_WORK TO BE COMPLETED_:
Exact copy, pictures excluded: please retype every record below.

(Recorded data)
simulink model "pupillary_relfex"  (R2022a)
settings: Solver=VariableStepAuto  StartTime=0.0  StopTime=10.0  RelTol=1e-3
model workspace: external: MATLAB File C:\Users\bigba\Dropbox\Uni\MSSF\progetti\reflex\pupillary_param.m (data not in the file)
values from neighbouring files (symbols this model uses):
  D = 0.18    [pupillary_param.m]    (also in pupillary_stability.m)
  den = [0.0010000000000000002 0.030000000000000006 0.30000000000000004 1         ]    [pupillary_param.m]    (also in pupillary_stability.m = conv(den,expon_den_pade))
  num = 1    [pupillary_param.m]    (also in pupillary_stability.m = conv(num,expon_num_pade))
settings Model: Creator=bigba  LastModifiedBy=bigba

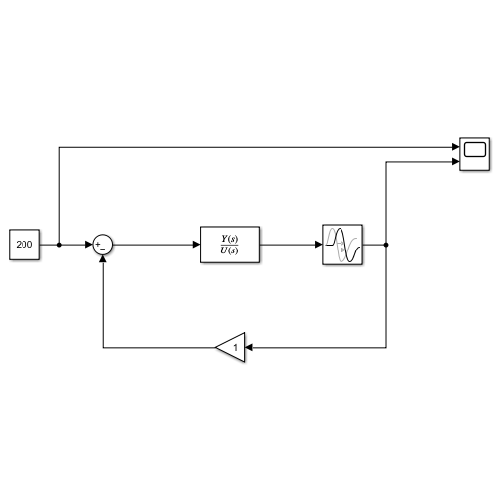
[thumbnail: Simulink's stored preview of the top-level diagram]
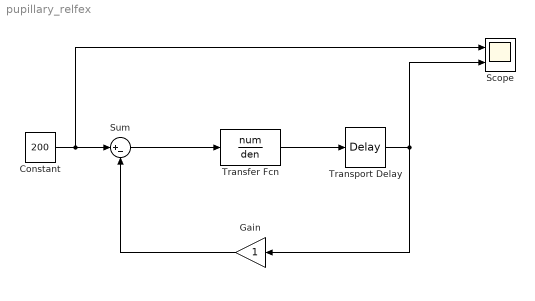
== system pupillary_relfex ==
  Constant : Constant  Value=200
  Gain : Gain
  Scope : Scope  NumInputPorts=2
  Sum : Sum  Inputs=|+-
  Transfer Fcn : TransferFcn  Numerator=num  Denominator=den
  Transport Delay : TransportDelay  DelayTime=D
  wires:
  Constant/1 -> Scope/1, Sum/1
  Sum/1 -> Transfer Fcn/1
  Transfer Fcn/1 -> Transport Delay/1
  Transport Delay/1 -> Gain/1, Scope/2
  Gain/1 -> Sum/2

_REPLY TO THE EXERCISE_:
simulink model "pupillary_relfex"  (R2022a)
settings: Solver=VariableStepAuto  StartTime=0.0  StopTime=10.0  RelTol=1e-3
model workspace: external: MATLAB File C:\Users\bigba\Dropbox\Uni\MSSF\progetti\reflex\pupillary_param.m (data not in the file)
values from neighbouring files (symbols this model uses):
  D = 0.18    [pupillary_param.m]    (also in pupillary_stability.m)
  den = [0.0010000000000000002 0.030000000000000006 0.30000000000000004 1         ]    [pupillary_param.m]    (also in pupillary_stability.m = conv(den,expon_den_pade))
  num = 1    [pupillary_param.m]    (also in pupillary_stability.m = conv(num,expon_num_pade))
settings Model: Creator=bigba  LastModifiedBy=bigba

[thumbnail: Simulink's stored preview of the top-level diagram]
== system pupillary_relfex ==
  Constant : Constant  Value=200
  Gain : Gain
  Scope : Scope  NumInputPorts=2
  Sum : Sum  Inputs=|+-
  Transfer Fcn : TransferFcn  Numerator=num  Denominator=den
  Transport Delay : TransportDelay  DelayTime=D
  wires:
  Constant/1 -> Scope/1, Sum/1
  Sum/1 -> Transfer Fcn/1
  Transfer Fcn/1 -> Transport Delay/1
  Transport Delay/1 -> Gain/1, Scope/2
  Gain/1 -> Sum/2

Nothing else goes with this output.